This is a programming oriented, hands-on training for starting a career in Data Mining and Machine Learning, and to acquire the necessary skills in statistical and inferential thinking. This course will enable you to pursue a career further in the most sought after skills and technologies in the market, whose applications span across almost all industry verticals. We will teach you the most popular tools of the trade used in industry today. After this course, many of the things you read and hear about Data Science, Artificial Intelligence and Machine learning would make a lot more sense.
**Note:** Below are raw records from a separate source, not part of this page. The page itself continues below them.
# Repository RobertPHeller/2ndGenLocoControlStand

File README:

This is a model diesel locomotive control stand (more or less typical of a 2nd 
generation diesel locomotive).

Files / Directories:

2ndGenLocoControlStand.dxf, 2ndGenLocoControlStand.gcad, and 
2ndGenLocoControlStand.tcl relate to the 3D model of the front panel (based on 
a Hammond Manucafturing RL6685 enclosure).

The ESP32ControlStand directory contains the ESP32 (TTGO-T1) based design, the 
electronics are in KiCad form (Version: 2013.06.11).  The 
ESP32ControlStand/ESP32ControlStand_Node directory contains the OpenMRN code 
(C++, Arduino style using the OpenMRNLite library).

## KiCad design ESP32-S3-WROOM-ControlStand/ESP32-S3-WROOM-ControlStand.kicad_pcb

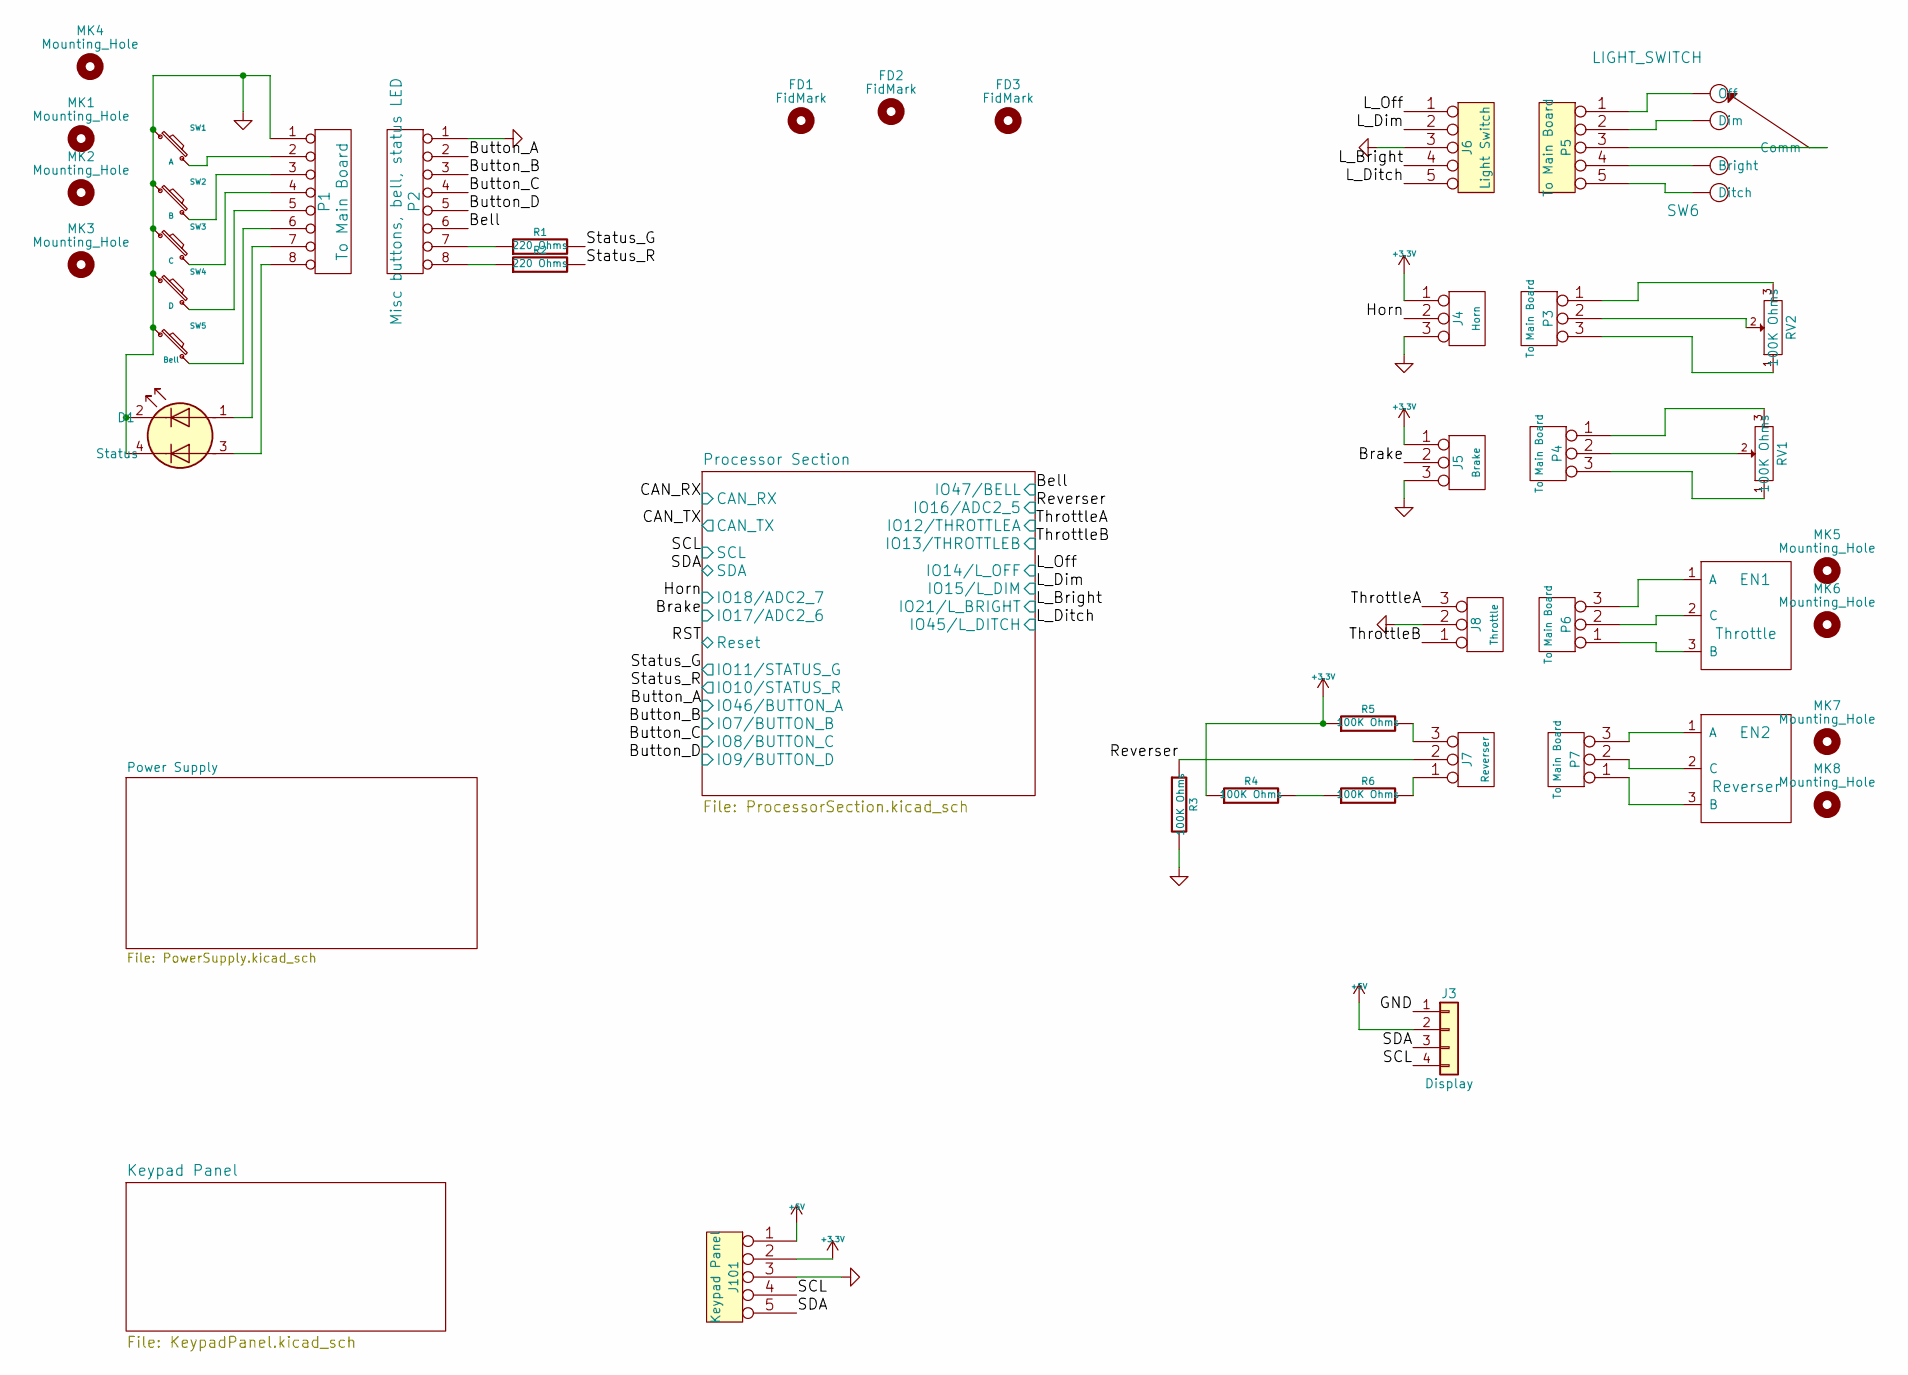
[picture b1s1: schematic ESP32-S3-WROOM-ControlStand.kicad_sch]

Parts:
D1: Status; APHB1608CGKSURKC; Mouser Part Number 604-APHB1608CGKSURKC
EN1: Throttle; Series25L-Encoder; Mouser Part Number 706-25LB10-Q
EN2: Reverser; ALPSEC12C; Mouser Part Number 652-PEC11R4325FN0012
FD1, FD2, FD3: FidMark; Fiducial_1mm_Dia_2.54mm_Outer_CopperTop
J3: Display; JST_PH_B4B-PH-K_1x04_P2.00mm_Vertical; Manufacturer_Part_Number B4B-PH-SM4-TB
J4: Horn; Pin_Header_Straight_1x03_Pitch2.54mm; Mouser Part Number 649-1012937890301BLF
J5: Brake; Pin_Header_Straight_1x03_Pitch2.54mm; Mouser Part Number 649-1012937890301BLF
J6: Light Switch; Pin_Header_Straight_1x05_Pitch2.54mm; Mouser Part Number 523-G800W303018EU
J7: Reverser; Pin_Header_Straight_1x03_Pitch2.54mm; Mouser Part Number 649-1012937890301BLF
J8: Throttle; Pin_Header_Straight_1x03_Pitch2.54mm; Mouser Part Number 649-1012937890301BLF
J101: Keypad Panel; Pin_Header_Straight_1x05_Pitch2.54mm; Mouser Part Number 523-G800W303018EU
MK1, MK2, MK3, MK4, MK5, MK6, MK7, MK8: Mounting_Hole; MountingHole_2.5mm
P1: To Main Board; Pin_Header_Angled_1x08_Pitch2.54mm; Mouser Part Number 649-1012937990801BLF
P2: Misc buttons, bell, status LED; Pin_Header_Straight_1x08_Pitch2.54mm; Mouser Part Number 649-1012937890801BLF
P3, P4, P5: To Main Board
P6, P7: To Main Board; Pin_Header_Angled_1x03_Pitch2.54mm; Mouser Part Number 855-M20-9750346
R1, R2: 220 Ohms; R_0603_1608Metric; Mouser Part Number 603-AC0603FR-07220RL
R3, R4, R5, R6: 100K Ohms; R_0402_1005Metric; Mouser Part Number 279-CRGCQ0402J100K
RV1, RV2: 100K Ohms; Mouser Part Number 774-450T328F104A1A1
SW1: A; SW_SPST_EVQQ2; Mouser Part Number 667-EVQ-Q2U02W
SW2: B; SW_SPST_EVQQ2; Mouser part Number 667-EVQ-Q2U02W
SW3: C; SW_SPST_EVQQ2; Mouser Part Number 667-EVQ-Q2U02W
SW4: D; SW_SPST_EVQQ2; Mouser Part Number 667-EVQ-Q2U02W
SW5: Bell; SW_SPST_EVQQ2; Mouser Part Number 667-EVQ-Q2U02W
SW6: LIGHT_SWITCH

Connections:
+5V: J3.2, J101.1; also elsewhere on the board
/Bell: P2.6; also elsewhere on the board
/Brake: J5.2 (PM); also elsewhere on the board
/Button_A: P2.2; also elsewhere on the board
/Button_B: P2.3; also elsewhere on the board
/Button_C: P2.4; also elsewhere on the board
/Button_D: P2.5; also elsewhere on the board
/Horn: J4.2 (PM); also elsewhere on the board
/L_Bright: J6.4; also elsewhere on the board
/L_Dim: J6.2; also elsewhere on the board
/L_Ditch: J6.5; also elsewhere on the board
/L_Off: J6.1; also elsewhere on the board
/Reverser: J7.2 (PM), R3.1; also elsewhere on the board
/SCL: J3.4, J101.4; also elsewhere on the board
/SDA: J3.3, J101.5; also elsewhere on the board
/Status_G: R1.2; also elsewhere on the board
/Status_R: R2.2; also elsewhere on the board
/ThrottleA: J8.3; also elsewhere on the board
/ThrottleB: J8.1; also elsewhere on the board
GND: D1.2 (K1), D1.4 (K2), J3.1, J4.3, J5.3, J6.3, J8.2 (PM), J101.3, P1.1, P2.1, R3.2, SW1.1, SW2.1, SW3.1, SW4.1, SW5.1; also elsewhere on the board
unnamed: D1.1 (A1), P1.7
unnamed: D1.3 (A2), P1.8
unnamed: EN1.1 (A), P6.3
unnamed: EN1.2 (C), P6.2 (PM)
unnamed: EN1.3 (B), P6.1
unnamed: EN2.1 (A), P7.3
unnamed: EN2.2 (C), P7.2 (PM)
unnamed: EN2.3 (B), P7.1
unnamed: J7.1, R6.2
unnamed: J7.3, R5.2
unnamed: P1.2, SW1.2
unnamed: P1.3, SW2.2
unnamed: P1.4, SW3.2
unnamed: P1.5, SW4.2
unnamed: P1.6, SW5.2
unnamed: P2.7, R1.1
unnamed: P2.8, R2.1
unnamed: P3.1, RV2.3
unnamed: P3.2 (PM), RV2.2
unnamed: P3.3, RV2.1
unnamed: P4.1, RV1.3
unnamed: P4.2 (PM), RV1.2
unnamed: P4.3, RV1.1
unnamed: P5.1, SW6.~
unnamed: P5.2, SW6.~
unnamed: P5.3, SW6.~
unnamed: P5.4, SW6.~
unnamed: P5.5, SW6.~
unnamed: R4.2, R6.1

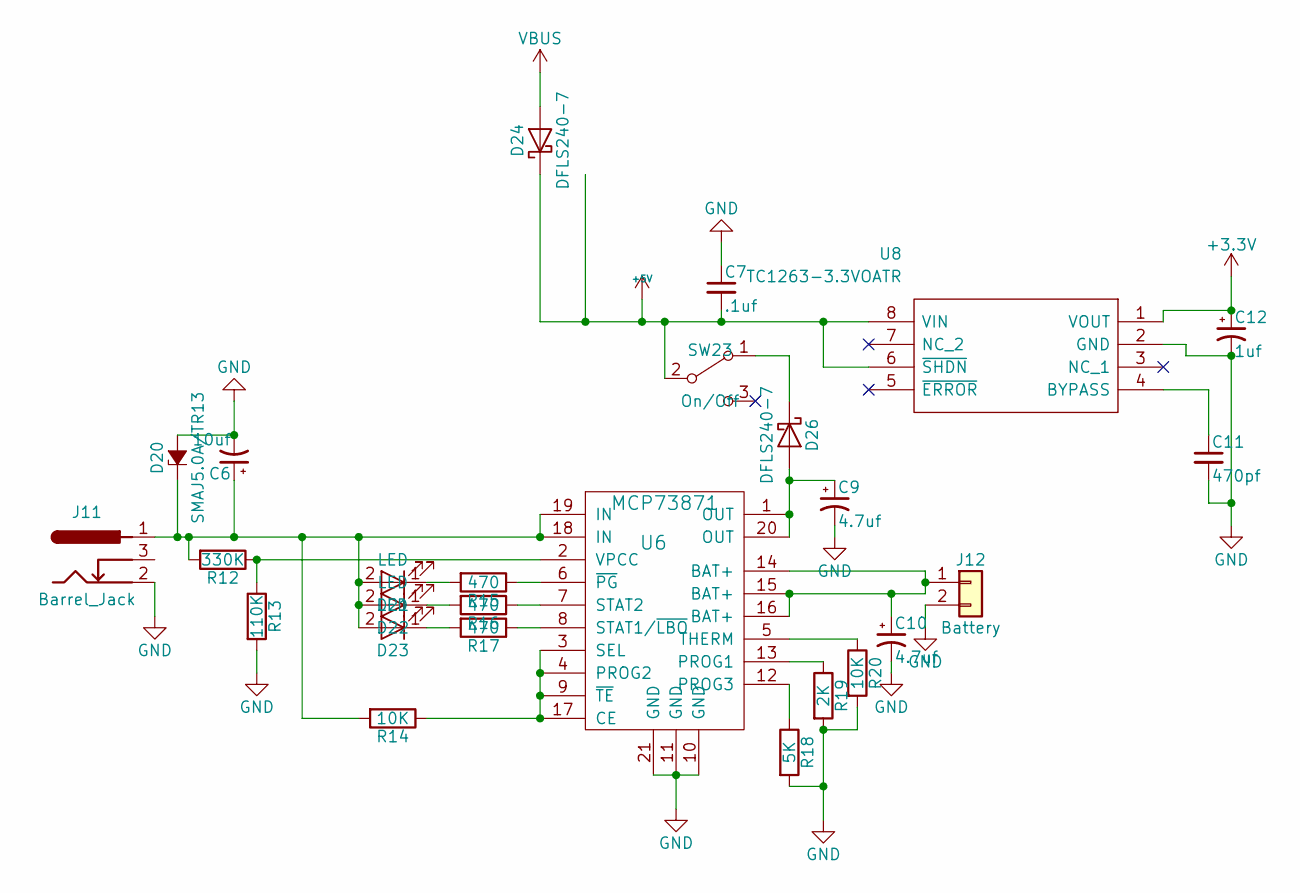
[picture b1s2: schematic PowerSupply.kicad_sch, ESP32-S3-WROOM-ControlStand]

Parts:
C6: 10uf; CP_Elec_4x5.7; Mouser Part Number 710-865080340001
C7: .1uf; C_0402; Mouser Part Number 81-GRM155R62A104KE4J
C9, C10: 4.7uf; CP_Elec_4x5.7; Mouser Part Number 710-865080640004
C11: 470pf; C_0402; Mouser Part Number 80-C0402C471K4RAUTO
C12: 1uf; C_0603_POL; Mouser Part Number 74-TMCJ1C105MTRF
D20: SMAJ5.0A/TR13; D_SMA; Mouser Part Number 603-SMAJ5.0A/TR13
D21: LED; LED_0402; Mouser Part Number 710-150040GS73220
D22: LED; LED_0402; Mouser Part Number 710-150040YS73220
D23: LED; LED_0402; Mouser Part Number 710-150040RS73220
D24, D26: DFLS240-7; D_PowerDI-123; Mouser Part Number 621-DFLS240-7
J11: Barrel_Jack; BARREL_JACK; Mouser Part Number 992-CON-SOCJ-2155
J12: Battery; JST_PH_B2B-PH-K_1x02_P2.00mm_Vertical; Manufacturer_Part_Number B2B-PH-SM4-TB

You could then build further on the foundation skills learned by applying them to your domain and industry.

Course Objectives

  • Preparation for tackling real-world problems in Data Science through a structured process
  • Ability to correlate and apply techniques learned in this course to their own respective domains to solve practical problems on which Data Mining could be potentially applied
  • Build the intuition behind contemporary Machine Learning models and algorithms that generate those models
  • Ability to evaluate the accuracy and performance of predictive and analytical techniques

Course Outline

Week 1

  • Introduction to Python, Data Mining and Machine Learning
    • Introduction to Data Mining, Machine Learning and Big Data Analysis
    • Introduction to CRISP-DM as a formal, structured and step by step data analysis process
    • Introduction to Python Programming necessary for Data Science
  • Homework
    • Python Programming

Week 2

  • Data Wrangling, cleaning and manipulation in Python
    • Python Programming (cont’d from Week 1)
    • Introduction to Pandas Python Library
    • Pre-processing, cleaning and preparing data with Pandas
  • Homework—Data Preprocessing

Week 3

  • Introduction to Statistics and Visualizations with Python and Pandas
    • Descriptive Statistics
    • Different types of Distributions
    • Inferential statistics and correlation
    • Statistical Hypothesis Testing
    • Data Visualization—Histograms, Scatter-plots and box-plots
  • Homework—Data Visualization and Statistics

Week 4

  • Introduction to Machine Learning Models, Supervised Learning and Performance Evaluation
    • Introduction to Machine Learning Models
    • Information based ML models and algorithms (Decision Trees)
    • Similarity Based ML models and algorithms (KNN etc.)
    • Introduction to Scikit-learn Python library
    • Model performance evaluation techniques
  • Homework—Modeling exercises using Scikit-learn on different datasets

Week 5

  • Machine Learning Models and Un-Supervised Learning
    • Error based ML models and algorithms (Linear and Logistic Regression)
    • Probability based models (Bayes Naïve Bayes)
    • Un-supervised learning (k-means Clustering)
  • Homework– Modeling exercises using Scikit-learn on different datasets

Pre-Requisites

People with knowledge of computer programming in any language. Basic knowledge of first year college level mathematics and statistics, and a passion for learning data science.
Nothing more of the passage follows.